While there will always be competitors as Jensen stated in section 3, they are well aware of their moat, and while there is always another social media app competing with Facebook (META), there is always a leader, and leads to better products and aggressive growth, rather then devolving into an IBM. As an example, one would strive to hire a top scientist from a top-school, as opposed to hire a person self-taught in their basement and using their local-resources. As always, exceptions exist.
Moat (outside of the earlier point on competition note by Jensen):
This segment is over and above NVDA CEO Jensen's (pre Deepseek) and Perplexity's comments (post Deepseek). Keeping this additional segment short, and invite readers to read up further on it, since it is more technical than the rest of the thesis.I have been using CUDA since 2013, which many current GenAI experts (recently-minted from deepseek fiasco) may not have had a chance to explore. Some of their other propietary technologies are CUDA, nCCL, cuDNN, TesorRT, NVLink, MIG, OptiX, DOCA (Data Center-on-a-Chip Architecture).AMD & Intel don’t have a CUDA alternative (ROCm is underdeveloped, and Intel's OneAPI is not competitive). NVIDIA’s ecosystem (CUDA + TensorRT + hardware) is an end-to-end solution that competitors lack.
Quantum:
They have been invested in Quantum technologies, and are hosting the upcoming"NVIDIA GTC 2025: Quantum Day to Illuminate the Future of Quantum Computing" https://blogs.nvidia.com/blog/gtc-2025-quantum-day/, March 17-21, 2025: "At the first-of-its-kind event, NVIDIA founder and CEO Jensen Huang will host industry leaders to discuss where quantum computing is headed".

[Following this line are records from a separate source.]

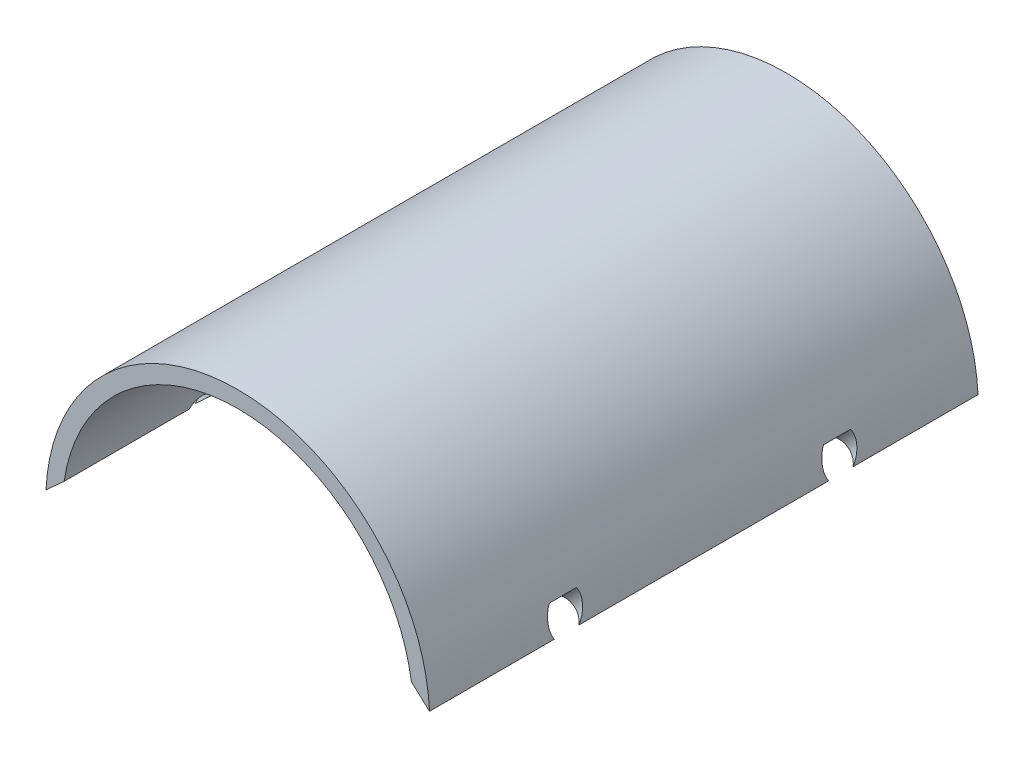
ISO-10303-21;
HEADER;
FILE_DESCRIPTION(('STEP AP214'),'2;1');
FILE_NAME('part.step','',(''),(''),'','','');
FILE_SCHEMA(('AUTOMOTIVE_DESIGN { 1 0 10303 214 1 1 1 1 }'));
ENDSEC;
DATA;
#1=APPLICATION_CONTEXT('core data for automotive mechanical design processes');
#2=APPLICATION_PROTOCOL_DEFINITION('international standard','automotive_design',2000,#1);
#3=PRODUCT_CONTEXT('',#1,'mechanical');
#4=PRODUCT('Part','Part','',(#3));
#5=PRODUCT_RELATED_PRODUCT_CATEGORY('part','',(#4));
#6=PRODUCT_DEFINITION_FORMATION('','',#4);
#7=PRODUCT_DEFINITION_CONTEXT('part definition',#1,'design');
#8=PRODUCT_DEFINITION('design','',#6,#7);
#9=PRODUCT_DEFINITION_SHAPE('','',#8);
#10=(LENGTH_UNIT() NAMED_UNIT(*) SI_UNIT(.MILLI.,.METRE.));
#11=(NAMED_UNIT(*) PLANE_ANGLE_UNIT() SI_UNIT($,.RADIAN.));
#12=(NAMED_UNIT(*) SI_UNIT($,.STERADIAN.) SOLID_ANGLE_UNIT());
#13=UNCERTAINTY_MEASURE_WITH_UNIT(LENGTH_MEASURE(1.E-05),#10,'distance_accuracy_value','');
#14=(GEOMETRIC_REPRESENTATION_CONTEXT(3) GLOBAL_UNCERTAINTY_ASSIGNED_CONTEXT((#13)) GLOBAL_UNIT_ASSIGNED_CONTEXT((#10,
#11,#12)) REPRESENTATION_CONTEXT('',''));
#15=CARTESIAN_POINT('',(0.,0.,0.));
#16=DIRECTION('',(0.,0.,1.));
#17=DIRECTION('',(1.,0.,0.));
#18=AXIS2_PLACEMENT_3D('',#15,#16,#17);
#19=CARTESIAN_POINT('',(40.2038837694651,5.93778829627168,127.));
#20=DIRECTION('',(0.672307408747507,0.740272077106257,0.));
#21=DIRECTION('',(-0.740272077106257,0.672307408747507,0.));
#22=AXIS2_PLACEMENT_3D('',#19,#20,#21);
#23=PLANE('',#22);
#24=DIRECTION('',(0.,0.,-1.));
#25=VECTOR('',#24,1.);
#26=CARTESIAN_POINT('',(40.2038837694651,5.93778829627168,127.));
#27=LINE('',#26,#25);
#28=CARTESIAN_POINT('',(40.2038837694651,5.93778829627169,92.4266801787406));
#29=VERTEX_POINT('',#28);
#30=CARTESIAN_POINT('',(40.2038837694651,5.93778829627169,34.5733198212594));
#31=VERTEX_POINT('',#30);
#32=EDGE_CURVE('E175',#29,#31,#27,.T.);
#33=ORIENTED_EDGE('',*,*,#32,.T.);
#34=CARTESIAN_POINT('',(42.3014633715025,4.03278829627168,31.75));
#35=DIRECTION('',(-0.672307408747507,-0.740272077106257,0.));
#36=DIRECTION('',(-0.740272077106257,0.672307408747507,0.));
#37=AXIS2_PLACEMENT_3D('',#34,#35,#36);
#38=CIRCLE('',#37,4.);
#39=CARTESIAN_POINT('',(44.39904297354,2.12778829627169,34.5733198212594));
#40=VERTEX_POINT('',#39);
#41=EDGE_CURVE('E157',#40,#31,#38,.T.);
#42=ORIENTED_EDGE('',*,*,#41,.F.);
#43=DIRECTION('',(0.,0.,-1.));
#44=VECTOR('',#43,1.);
#45=CARTESIAN_POINT('',(44.39904297354,2.12778829627168,127.));
#46=LINE('',#45,#44);
#47=CARTESIAN_POINT('',(44.39904297354,2.12778829627169,92.4266801787406));
#48=VERTEX_POINT('',#47);
#49=EDGE_CURVE('E180',#48,#40,#46,.T.);
#50=ORIENTED_EDGE('',*,*,#49,.F.);
#51=CARTESIAN_POINT('',(42.3014633715025,4.03278829627168,95.25));
#52=DIRECTION('',(-0.672307408747507,-0.740272077106257,0.));
#53=DIRECTION('',(0.740272077106257,-0.672307408747507,0.));
#54=AXIS2_PLACEMENT_3D('',#51,#52,#53);
#55=CIRCLE('',#54,4.);
#56=EDGE_CURVE('E162',#29,#48,#55,.T.);
#57=ORIENTED_EDGE('',*,*,#56,.F.);
#58=EDGE_LOOP('',(#33,#42,#50,#57));
#59=FACE_BOUND('',#58,.T.);
#60=ADVANCED_FACE('F34',(#59),#23,.F.);
#61=CARTESIAN_POINT('',(40.2038837694651,5.93778829627168,127.));
#62=VERTEX_POINT('',#61);
#63=CARTESIAN_POINT('',(40.2038837694651,5.93778829627169,98.0733198212594));
#64=VERTEX_POINT('',#63);
#65=EDGE_CURVE('E178',#62,#64,#27,.T.);
#66=ORIENTED_EDGE('',*,*,#65,.T.);
#67=CARTESIAN_POINT('',(44.39904297354,2.12778829627169,98.0733198212594));
#68=VERTEX_POINT('',#67);
#69=EDGE_CURVE('E240',#68,#64,#55,.T.);
#70=ORIENTED_EDGE('',*,*,#69,.F.);
#71=CARTESIAN_POINT('',(44.39904297354,2.12778829627168,127.));
#72=VERTEX_POINT('',#71);
#73=EDGE_CURVE('E176',#72,#68,#46,.T.);
#74=ORIENTED_EDGE('',*,*,#73,.F.);
#75=DIRECTION('',(0.740272077106257,-0.672307408747507,0.));
#76=VECTOR('',#75,1.);
#77=CARTESIAN_POINT('',(40.2038837694651,5.93778829627168,127.));
#78=LINE('',#77,#76);
#79=EDGE_CURVE('E305',#62,#72,#78,.T.);
#80=ORIENTED_EDGE('',*,*,#79,.F.);
#81=EDGE_LOOP('',(#66,#70,#74,#80));
#82=FACE_BOUND('',#81,.T.);
#83=ADVANCED_FACE('F352',(#82),#23,.F.);
#84=CARTESIAN_POINT('',(-40.2038837694651,5.93778829627168,127.));
#85=DIRECTION('',(-0.672307408747507,0.740272077106257,0.));
#86=DIRECTION('',(-0.740272077106257,-0.672307408747507,0.));
#87=AXIS2_PLACEMENT_3D('',#84,#85,#86);
#88=PLANE('',#87);
#89=DIRECTION('',(0.,0.,-1.));
#90=VECTOR('',#89,1.);
#91=CARTESIAN_POINT('',(-44.39904297354,2.12778829627168,127.));
#92=LINE('',#91,#90);
#93=CARTESIAN_POINT('',(-44.39904297354,2.12778829627168,92.4266801787406));
#94=VERTEX_POINT('',#93);
#95=CARTESIAN_POINT('',(-44.39904297354,2.12778829627168,34.5733198212594));
#96=VERTEX_POINT('',#95);
#97=EDGE_CURVE('E328',#94,#96,#92,.T.);
#98=ORIENTED_EDGE('',*,*,#97,.T.);
#99=CARTESIAN_POINT('',(-42.3014633715025,4.03278829627169,31.75));
#100=DIRECTION('',(-0.672307408747507,0.740272077106257,0.));
#101=DIRECTION('',(-0.740272077106257,-0.672307408747507,0.));
#102=AXIS2_PLACEMENT_3D('',#99,#100,#101);
#103=CIRCLE('',#102,4.);
#104=CARTESIAN_POINT('',(-40.2038837694651,5.93778829627168,34.5733198212594));
#105=VERTEX_POINT('',#104);
#106=EDGE_CURVE('E194',#96,#105,#103,.T.);
#107=ORIENTED_EDGE('',*,*,#106,.T.);
#108=DIRECTION('',(0.,0.,-1.));
#109=VECTOR('',#108,1.);
#110=CARTESIAN_POINT('',(-40.2038837694651,5.93778829627168,127.));
#111=LINE('',#110,#109);
#112=CARTESIAN_POINT('',(-40.2038837694651,5.93778829627168,92.4266801787406));
#113=VERTEX_POINT('',#112);
#114=EDGE_CURVE('E325',#113,#105,#111,.T.);
#115=ORIENTED_EDGE('',*,*,#114,.F.);
#116=CARTESIAN_POINT('',(-42.3014633715025,4.03278829627169,95.25));
#117=DIRECTION('',(-0.672307408747507,0.740272077106257,0.));
#118=DIRECTION('',(-0.740272077106257,-0.672307408747507,0.));
#119=AXIS2_PLACEMENT_3D('',#116,#117,#118);
#120=CIRCLE('',#119,4.);
#121=EDGE_CURVE('E184',#113,#94,#120,.T.);
#122=ORIENTED_EDGE('',*,*,#121,.T.);
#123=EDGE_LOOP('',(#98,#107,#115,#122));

While I can not comment on the ethicality of his recent quantum jab, but they have been very heavily invested in R&D in this space.While Quantum has two main approaches (annealing, and gate-based), one of which is currently usable (annealing) and the other (gate-based) is currently experimental. NVDA may have recognized this and I suspect his comment was aimed at the gate-based quantum approach.
Conclusion:
I need to go to sleep, so have to call it a day and wrap it up, although there are some additions on how the fear generated by a half-baked viral blog by Emanuel Jeffrey, that may have been necessary, but nevertheless was unfounded. It is understandable, since the AI revolution may be seen as having three facets: a) the model creators, b) model use-case creators, and c) AI users. From my understanding of people, the people in the model-creators segment are not necessarily very vocal, except in research efforts and publications, and not as visible in the wall-street or media. As always, exceptions exist.
Not Financial Advice (NFA) - do your own DD, and evaluate your risk tolerance.
My Position: Expecting PT 162/stock post-earnings on 2/26.